● **EXERCISE GOAL**:
In the data below, one line contains "#149=VERTEX_POINT('',#148);" and a later one contains "#156=ADVANCED_FACE('F450',(#155),#65,.F.);". Print both, with every line between them, exactly and alone.

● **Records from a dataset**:
◇ ◇ ◇ ◇

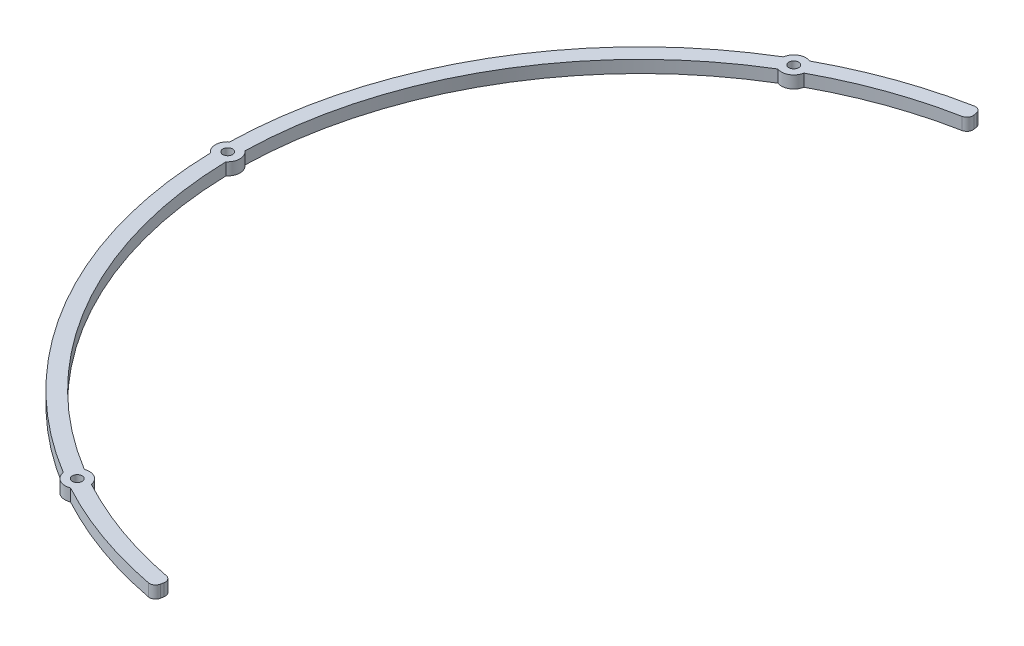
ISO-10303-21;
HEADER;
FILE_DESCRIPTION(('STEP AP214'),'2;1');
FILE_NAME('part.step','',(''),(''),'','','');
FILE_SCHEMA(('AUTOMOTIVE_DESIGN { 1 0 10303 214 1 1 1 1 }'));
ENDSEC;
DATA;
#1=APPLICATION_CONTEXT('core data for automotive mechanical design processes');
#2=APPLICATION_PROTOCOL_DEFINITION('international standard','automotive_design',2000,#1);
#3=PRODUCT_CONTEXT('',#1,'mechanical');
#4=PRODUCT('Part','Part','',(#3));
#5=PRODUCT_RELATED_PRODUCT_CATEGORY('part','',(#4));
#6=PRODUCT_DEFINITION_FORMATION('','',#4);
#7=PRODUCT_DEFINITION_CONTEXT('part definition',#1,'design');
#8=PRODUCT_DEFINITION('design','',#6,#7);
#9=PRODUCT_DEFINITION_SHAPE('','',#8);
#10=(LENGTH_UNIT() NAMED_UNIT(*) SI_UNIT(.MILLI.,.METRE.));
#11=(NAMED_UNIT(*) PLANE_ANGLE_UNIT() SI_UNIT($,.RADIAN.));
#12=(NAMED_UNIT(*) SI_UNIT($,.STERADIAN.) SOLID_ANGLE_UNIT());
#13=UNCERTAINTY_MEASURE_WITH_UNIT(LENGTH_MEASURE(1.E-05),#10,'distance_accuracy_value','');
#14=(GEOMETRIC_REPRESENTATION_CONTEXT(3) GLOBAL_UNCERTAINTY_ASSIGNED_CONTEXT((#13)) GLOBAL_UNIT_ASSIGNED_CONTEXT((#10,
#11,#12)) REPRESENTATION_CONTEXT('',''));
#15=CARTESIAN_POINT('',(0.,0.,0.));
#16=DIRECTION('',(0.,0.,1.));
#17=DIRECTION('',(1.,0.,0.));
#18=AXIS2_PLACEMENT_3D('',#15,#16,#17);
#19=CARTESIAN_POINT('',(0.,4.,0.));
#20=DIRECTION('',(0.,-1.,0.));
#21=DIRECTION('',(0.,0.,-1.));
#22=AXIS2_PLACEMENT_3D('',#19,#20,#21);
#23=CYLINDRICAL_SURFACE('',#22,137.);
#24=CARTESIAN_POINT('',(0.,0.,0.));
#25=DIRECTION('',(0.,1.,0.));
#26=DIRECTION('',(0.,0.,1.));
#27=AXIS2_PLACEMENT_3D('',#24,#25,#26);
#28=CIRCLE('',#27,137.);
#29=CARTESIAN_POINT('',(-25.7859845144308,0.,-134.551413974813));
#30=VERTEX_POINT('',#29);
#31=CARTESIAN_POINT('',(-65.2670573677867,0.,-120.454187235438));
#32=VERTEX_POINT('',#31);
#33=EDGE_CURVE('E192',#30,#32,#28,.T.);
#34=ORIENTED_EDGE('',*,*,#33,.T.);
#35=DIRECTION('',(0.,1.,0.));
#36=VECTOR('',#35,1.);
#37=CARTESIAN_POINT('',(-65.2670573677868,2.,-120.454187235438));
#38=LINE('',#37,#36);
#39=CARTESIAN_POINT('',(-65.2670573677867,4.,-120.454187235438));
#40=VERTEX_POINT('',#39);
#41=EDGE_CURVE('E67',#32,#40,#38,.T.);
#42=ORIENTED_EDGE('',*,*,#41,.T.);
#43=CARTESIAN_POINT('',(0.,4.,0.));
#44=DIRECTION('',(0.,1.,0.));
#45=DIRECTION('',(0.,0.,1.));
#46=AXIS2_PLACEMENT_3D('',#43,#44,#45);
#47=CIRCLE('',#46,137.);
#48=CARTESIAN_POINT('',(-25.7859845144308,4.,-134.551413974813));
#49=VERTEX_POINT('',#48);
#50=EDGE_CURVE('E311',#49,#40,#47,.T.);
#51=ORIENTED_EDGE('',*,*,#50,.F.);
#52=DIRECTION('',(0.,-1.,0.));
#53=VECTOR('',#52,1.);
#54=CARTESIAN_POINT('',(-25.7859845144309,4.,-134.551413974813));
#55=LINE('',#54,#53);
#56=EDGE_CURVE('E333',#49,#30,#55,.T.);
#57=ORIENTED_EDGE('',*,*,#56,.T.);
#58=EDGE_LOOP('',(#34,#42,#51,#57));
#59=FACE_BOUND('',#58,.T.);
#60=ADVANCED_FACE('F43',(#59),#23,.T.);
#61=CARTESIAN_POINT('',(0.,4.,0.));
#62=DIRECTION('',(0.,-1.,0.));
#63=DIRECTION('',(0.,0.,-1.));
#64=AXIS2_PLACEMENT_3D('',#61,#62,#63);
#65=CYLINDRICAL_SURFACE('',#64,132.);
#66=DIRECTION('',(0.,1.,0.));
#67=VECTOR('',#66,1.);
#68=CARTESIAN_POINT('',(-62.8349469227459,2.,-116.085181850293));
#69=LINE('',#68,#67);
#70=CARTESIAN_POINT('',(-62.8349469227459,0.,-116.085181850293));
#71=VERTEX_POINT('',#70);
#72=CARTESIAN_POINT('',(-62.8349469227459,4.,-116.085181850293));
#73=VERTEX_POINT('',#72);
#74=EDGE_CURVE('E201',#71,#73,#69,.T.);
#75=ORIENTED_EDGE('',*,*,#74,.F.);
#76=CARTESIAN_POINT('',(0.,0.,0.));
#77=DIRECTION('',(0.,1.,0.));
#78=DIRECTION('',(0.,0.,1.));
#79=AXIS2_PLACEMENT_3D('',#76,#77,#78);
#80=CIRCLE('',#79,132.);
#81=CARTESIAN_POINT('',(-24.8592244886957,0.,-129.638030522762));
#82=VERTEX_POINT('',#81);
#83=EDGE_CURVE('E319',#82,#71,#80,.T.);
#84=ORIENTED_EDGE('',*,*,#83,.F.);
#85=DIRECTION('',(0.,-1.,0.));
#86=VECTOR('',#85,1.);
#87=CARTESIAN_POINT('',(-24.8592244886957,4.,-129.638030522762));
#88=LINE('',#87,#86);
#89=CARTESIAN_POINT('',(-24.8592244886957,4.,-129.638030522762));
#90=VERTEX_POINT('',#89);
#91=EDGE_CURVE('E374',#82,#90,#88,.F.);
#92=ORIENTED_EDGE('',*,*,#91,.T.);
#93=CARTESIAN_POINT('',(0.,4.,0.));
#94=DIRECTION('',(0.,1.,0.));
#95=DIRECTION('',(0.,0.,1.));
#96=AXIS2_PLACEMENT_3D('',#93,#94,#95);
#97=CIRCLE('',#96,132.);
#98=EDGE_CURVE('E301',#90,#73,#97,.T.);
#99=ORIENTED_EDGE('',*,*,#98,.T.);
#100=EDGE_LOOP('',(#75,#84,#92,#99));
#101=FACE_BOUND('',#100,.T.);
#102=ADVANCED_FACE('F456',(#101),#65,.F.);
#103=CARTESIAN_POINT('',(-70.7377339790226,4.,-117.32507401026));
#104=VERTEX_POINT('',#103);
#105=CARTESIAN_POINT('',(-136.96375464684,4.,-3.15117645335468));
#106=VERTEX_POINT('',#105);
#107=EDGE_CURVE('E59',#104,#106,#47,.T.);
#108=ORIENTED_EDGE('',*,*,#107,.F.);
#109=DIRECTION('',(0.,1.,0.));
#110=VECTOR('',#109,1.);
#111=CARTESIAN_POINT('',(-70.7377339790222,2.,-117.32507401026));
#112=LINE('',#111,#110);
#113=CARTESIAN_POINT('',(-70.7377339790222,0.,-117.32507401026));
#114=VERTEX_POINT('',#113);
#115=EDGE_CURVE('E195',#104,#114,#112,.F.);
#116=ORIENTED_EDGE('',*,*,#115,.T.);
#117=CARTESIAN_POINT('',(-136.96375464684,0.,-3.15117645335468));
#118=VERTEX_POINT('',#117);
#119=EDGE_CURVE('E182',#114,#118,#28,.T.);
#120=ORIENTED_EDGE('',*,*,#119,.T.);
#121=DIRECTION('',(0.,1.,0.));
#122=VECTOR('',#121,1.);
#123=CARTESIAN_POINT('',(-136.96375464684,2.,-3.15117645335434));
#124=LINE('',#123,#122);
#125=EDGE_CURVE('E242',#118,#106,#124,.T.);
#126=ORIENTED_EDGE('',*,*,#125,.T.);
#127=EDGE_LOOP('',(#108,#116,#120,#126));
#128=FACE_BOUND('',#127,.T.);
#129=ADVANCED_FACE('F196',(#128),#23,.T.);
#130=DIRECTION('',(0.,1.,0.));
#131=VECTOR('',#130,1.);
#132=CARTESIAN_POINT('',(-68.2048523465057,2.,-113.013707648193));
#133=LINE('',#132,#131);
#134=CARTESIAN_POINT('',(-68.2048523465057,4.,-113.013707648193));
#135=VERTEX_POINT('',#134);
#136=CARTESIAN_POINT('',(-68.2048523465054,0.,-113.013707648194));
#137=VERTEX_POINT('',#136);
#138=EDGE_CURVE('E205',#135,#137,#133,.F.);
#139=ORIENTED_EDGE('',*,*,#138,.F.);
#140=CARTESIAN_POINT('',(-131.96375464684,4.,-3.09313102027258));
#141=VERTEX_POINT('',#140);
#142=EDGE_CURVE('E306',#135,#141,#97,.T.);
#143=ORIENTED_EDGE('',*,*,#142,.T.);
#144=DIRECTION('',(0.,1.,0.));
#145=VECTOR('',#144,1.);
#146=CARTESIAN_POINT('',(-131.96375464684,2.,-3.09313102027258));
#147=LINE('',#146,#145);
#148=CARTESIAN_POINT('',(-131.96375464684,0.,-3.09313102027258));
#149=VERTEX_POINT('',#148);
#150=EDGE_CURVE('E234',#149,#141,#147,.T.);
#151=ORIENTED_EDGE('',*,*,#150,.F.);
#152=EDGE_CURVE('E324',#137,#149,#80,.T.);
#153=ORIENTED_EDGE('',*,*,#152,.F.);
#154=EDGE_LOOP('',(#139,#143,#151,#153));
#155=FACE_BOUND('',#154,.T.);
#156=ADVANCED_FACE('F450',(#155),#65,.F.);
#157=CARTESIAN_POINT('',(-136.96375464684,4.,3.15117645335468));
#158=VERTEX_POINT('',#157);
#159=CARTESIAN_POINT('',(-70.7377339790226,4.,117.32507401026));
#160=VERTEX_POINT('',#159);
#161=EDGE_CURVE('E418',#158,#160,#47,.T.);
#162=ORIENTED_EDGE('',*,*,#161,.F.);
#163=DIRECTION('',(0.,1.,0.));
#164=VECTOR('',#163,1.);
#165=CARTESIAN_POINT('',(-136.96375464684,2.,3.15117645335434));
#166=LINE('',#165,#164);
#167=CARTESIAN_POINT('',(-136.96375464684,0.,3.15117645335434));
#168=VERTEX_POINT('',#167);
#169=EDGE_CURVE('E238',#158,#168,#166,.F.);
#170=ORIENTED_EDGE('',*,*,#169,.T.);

◇ ◇ ◇ ◇

● **EXERCISE RESULT**:
#149=VERTEX_POINT('',#148);
#150=EDGE_CURVE('E234',#149,#141,#147,.T.);
#151=ORIENTED_EDGE('',*,*,#150,.F.);
#152=EDGE_CURVE('E324',#137,#149,#80,.T.);
#153=ORIENTED_EDGE('',*,*,#152,.F.);
#154=EDGE_LOOP('',(#139,#143,#151,#153));
#155=FACE_BOUND('',#154,.T.);
#156=ADVANCED_FACE('F450',(#155),#65,.F.);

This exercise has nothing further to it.